少ないページで内容ギッシリ
★★★★☆
短編は、星新一のショートショート、それから「スーパートイズ」以外、ほとんど読んだ事がなかったので、「どんなかな~」と半信半疑な感じで読み出したのですが、初めからとても面白く、グイグイと話に引き込まれました。短編というと、どうしても半端な終わり方をしそうでこわかったのですが、別段話の終わり方も悪くなく、その後の展開を想像するのが楽しかったです。ただ一つ難を言えば「桃李」という話の登場人物がものスゴイ石頭で、石頭が悪いのではないんです。ただコレがこの本最後の話だったので、話がキョーレツだった分、本全体の印象というか後味が悪くなってしまい、それが残念でした。

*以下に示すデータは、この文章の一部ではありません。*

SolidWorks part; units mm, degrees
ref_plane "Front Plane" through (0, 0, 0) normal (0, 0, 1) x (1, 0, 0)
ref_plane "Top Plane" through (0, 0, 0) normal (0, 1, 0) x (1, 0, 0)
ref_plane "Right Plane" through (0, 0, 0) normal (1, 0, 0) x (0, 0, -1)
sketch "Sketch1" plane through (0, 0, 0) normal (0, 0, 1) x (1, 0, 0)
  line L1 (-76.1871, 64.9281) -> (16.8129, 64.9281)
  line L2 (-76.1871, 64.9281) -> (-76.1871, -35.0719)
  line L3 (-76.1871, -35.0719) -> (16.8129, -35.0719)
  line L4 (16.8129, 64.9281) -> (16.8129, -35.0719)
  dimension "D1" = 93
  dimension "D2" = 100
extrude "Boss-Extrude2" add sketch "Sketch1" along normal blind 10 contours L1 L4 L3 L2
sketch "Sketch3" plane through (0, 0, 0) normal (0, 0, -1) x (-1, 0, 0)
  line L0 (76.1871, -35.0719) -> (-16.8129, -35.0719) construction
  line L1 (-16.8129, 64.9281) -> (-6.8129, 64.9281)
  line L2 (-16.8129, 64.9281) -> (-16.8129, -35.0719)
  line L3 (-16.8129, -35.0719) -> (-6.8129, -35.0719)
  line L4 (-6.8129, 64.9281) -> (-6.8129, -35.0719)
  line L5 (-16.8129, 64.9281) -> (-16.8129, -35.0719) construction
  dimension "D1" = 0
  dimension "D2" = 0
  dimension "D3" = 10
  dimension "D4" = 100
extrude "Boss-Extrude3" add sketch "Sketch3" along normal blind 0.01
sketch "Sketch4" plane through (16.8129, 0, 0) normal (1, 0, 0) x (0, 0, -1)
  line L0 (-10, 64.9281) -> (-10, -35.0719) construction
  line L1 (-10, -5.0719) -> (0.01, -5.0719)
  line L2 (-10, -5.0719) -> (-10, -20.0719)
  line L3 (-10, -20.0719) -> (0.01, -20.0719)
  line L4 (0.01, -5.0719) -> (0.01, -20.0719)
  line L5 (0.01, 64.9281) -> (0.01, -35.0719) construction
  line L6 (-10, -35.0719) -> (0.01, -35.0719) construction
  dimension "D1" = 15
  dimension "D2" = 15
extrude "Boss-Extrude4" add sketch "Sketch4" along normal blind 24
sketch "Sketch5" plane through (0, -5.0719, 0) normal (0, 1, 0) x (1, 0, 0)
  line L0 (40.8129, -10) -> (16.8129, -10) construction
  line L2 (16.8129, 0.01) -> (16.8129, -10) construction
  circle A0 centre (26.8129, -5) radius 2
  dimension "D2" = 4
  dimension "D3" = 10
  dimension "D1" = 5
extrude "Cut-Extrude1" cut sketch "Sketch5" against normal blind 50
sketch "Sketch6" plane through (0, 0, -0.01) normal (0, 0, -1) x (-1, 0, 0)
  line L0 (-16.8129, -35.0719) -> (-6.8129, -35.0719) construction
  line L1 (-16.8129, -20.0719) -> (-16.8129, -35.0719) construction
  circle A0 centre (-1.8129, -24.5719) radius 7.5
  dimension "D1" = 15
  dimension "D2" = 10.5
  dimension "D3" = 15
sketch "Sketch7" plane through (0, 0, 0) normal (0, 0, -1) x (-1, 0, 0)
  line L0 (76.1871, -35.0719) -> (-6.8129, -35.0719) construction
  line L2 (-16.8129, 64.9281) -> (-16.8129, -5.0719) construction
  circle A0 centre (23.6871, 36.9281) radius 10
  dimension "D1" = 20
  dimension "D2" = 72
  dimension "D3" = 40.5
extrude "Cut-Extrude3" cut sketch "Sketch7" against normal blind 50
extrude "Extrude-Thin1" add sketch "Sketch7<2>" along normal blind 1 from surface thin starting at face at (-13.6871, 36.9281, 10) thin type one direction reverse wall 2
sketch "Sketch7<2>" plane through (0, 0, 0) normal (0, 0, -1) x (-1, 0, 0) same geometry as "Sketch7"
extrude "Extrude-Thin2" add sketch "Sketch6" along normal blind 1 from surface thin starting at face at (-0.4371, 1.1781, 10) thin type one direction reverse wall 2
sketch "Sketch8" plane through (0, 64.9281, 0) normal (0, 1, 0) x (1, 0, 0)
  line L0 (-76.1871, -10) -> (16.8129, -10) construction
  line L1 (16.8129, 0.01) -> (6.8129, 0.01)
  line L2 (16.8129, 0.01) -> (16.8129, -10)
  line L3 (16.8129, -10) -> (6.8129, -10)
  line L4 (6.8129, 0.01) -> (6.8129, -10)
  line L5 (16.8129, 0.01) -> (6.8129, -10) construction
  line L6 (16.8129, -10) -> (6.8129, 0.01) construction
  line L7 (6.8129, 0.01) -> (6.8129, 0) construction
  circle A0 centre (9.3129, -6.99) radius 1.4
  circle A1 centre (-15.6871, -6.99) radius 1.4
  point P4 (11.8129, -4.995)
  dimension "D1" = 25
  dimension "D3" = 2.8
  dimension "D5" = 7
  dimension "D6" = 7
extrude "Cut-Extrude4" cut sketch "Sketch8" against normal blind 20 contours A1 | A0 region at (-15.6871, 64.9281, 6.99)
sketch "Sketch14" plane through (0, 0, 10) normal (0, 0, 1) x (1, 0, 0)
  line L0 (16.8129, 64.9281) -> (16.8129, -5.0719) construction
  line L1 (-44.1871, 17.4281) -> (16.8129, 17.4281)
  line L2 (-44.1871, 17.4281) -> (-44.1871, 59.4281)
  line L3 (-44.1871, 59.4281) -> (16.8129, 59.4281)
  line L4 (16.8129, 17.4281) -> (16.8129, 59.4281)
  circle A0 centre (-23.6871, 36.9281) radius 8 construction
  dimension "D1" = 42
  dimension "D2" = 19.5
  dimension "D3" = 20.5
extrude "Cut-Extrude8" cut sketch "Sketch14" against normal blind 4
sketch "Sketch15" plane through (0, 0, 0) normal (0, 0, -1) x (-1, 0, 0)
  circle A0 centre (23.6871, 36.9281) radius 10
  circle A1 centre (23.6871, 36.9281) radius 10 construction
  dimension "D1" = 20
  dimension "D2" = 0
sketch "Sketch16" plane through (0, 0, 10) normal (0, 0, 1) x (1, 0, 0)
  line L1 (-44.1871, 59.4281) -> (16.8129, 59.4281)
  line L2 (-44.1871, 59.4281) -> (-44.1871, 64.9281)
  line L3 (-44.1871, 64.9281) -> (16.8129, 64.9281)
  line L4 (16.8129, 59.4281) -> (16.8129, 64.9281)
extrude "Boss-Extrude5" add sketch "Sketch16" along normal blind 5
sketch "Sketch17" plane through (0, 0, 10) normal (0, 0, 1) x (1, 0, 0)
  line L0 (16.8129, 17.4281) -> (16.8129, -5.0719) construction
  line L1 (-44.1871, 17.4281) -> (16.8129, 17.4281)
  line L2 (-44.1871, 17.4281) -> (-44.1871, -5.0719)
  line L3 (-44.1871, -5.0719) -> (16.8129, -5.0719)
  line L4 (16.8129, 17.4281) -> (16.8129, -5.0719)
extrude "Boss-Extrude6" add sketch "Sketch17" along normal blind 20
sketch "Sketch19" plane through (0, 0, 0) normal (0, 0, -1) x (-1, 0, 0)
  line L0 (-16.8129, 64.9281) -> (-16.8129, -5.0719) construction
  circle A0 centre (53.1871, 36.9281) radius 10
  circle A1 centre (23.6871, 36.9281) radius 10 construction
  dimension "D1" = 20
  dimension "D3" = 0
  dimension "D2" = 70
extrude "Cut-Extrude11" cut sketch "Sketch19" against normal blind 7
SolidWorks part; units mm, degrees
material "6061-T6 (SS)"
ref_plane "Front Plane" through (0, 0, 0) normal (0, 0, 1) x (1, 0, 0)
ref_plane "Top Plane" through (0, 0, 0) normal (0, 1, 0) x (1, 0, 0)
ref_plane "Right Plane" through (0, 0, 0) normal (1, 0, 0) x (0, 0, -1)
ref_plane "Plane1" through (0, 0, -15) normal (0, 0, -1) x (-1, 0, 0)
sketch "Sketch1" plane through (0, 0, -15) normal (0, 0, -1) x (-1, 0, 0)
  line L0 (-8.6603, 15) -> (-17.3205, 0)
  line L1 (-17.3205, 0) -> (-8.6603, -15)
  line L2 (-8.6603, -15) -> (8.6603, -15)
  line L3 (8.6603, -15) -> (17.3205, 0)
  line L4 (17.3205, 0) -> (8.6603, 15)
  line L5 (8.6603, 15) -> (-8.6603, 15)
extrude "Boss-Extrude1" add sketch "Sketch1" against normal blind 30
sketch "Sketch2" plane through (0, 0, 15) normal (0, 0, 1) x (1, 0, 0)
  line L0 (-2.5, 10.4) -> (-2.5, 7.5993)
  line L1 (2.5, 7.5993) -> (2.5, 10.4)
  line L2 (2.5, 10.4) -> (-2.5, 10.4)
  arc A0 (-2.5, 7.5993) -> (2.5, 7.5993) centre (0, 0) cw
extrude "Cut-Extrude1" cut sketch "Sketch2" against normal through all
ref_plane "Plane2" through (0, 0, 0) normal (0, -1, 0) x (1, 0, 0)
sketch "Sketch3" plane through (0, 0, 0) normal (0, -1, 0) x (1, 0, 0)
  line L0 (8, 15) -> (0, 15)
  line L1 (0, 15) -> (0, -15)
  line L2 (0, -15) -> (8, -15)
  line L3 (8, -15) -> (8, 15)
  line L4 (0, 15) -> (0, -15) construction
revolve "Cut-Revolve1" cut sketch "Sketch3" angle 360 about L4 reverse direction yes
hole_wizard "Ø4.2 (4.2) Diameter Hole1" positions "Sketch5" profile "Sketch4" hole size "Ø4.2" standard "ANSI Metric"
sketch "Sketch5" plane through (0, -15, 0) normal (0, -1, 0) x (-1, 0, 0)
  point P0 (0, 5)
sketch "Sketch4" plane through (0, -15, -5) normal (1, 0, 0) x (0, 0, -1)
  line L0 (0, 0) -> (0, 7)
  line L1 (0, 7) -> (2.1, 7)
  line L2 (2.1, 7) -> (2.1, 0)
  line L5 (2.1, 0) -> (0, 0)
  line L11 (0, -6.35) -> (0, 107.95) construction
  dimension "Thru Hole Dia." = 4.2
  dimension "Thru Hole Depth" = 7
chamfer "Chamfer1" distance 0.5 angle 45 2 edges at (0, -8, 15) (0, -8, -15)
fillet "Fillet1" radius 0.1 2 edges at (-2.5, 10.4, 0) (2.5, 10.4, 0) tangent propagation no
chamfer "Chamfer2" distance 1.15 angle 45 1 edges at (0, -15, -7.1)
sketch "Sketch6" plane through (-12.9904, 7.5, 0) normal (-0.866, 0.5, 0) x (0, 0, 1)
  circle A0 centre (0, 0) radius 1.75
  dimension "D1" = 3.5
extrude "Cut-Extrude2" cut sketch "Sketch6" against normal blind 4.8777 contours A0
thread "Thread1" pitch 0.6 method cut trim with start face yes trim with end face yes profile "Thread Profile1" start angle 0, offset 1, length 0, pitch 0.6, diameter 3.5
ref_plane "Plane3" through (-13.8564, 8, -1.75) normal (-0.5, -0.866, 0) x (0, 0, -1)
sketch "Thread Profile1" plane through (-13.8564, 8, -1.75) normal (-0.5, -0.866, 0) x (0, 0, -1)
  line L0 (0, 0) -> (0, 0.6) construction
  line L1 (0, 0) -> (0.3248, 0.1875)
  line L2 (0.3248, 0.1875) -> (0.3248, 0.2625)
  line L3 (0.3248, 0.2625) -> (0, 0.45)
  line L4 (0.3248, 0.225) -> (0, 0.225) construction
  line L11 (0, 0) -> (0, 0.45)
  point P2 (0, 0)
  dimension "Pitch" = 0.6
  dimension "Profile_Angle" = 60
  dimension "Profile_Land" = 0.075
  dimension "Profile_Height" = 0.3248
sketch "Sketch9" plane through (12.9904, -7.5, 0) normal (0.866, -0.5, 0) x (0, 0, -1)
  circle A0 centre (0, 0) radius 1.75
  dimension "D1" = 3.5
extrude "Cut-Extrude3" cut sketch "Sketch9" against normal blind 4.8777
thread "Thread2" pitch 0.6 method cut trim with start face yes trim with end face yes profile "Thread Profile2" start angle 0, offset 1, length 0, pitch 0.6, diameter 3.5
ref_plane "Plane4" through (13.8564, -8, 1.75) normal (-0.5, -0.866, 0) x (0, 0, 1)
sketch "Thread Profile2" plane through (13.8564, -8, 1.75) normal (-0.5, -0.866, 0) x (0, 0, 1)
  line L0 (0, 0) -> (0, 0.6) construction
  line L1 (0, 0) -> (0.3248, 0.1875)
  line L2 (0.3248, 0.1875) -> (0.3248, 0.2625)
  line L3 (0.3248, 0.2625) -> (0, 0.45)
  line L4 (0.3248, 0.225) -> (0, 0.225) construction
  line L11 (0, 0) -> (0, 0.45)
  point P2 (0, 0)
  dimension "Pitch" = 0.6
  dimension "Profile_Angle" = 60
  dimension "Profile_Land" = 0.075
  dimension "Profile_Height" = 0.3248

作者の意図でこういう順番に収められているとは思うものの、しかしこれから読まれる方には「桃李」は最後にもってこない方が後味も悪くなくて良いのではないかと思います。薄い本なのであっという間に読めます。しかしそのくせ話はギッシリだから、読んだ後、とっても得した気分になれますよ♪表題作「求めし者」を含む、人模様、心模様、記憶のフォトグラフ。他、唐宋伝奇より案を得た「龍姫の涙」等、17の小・短編集。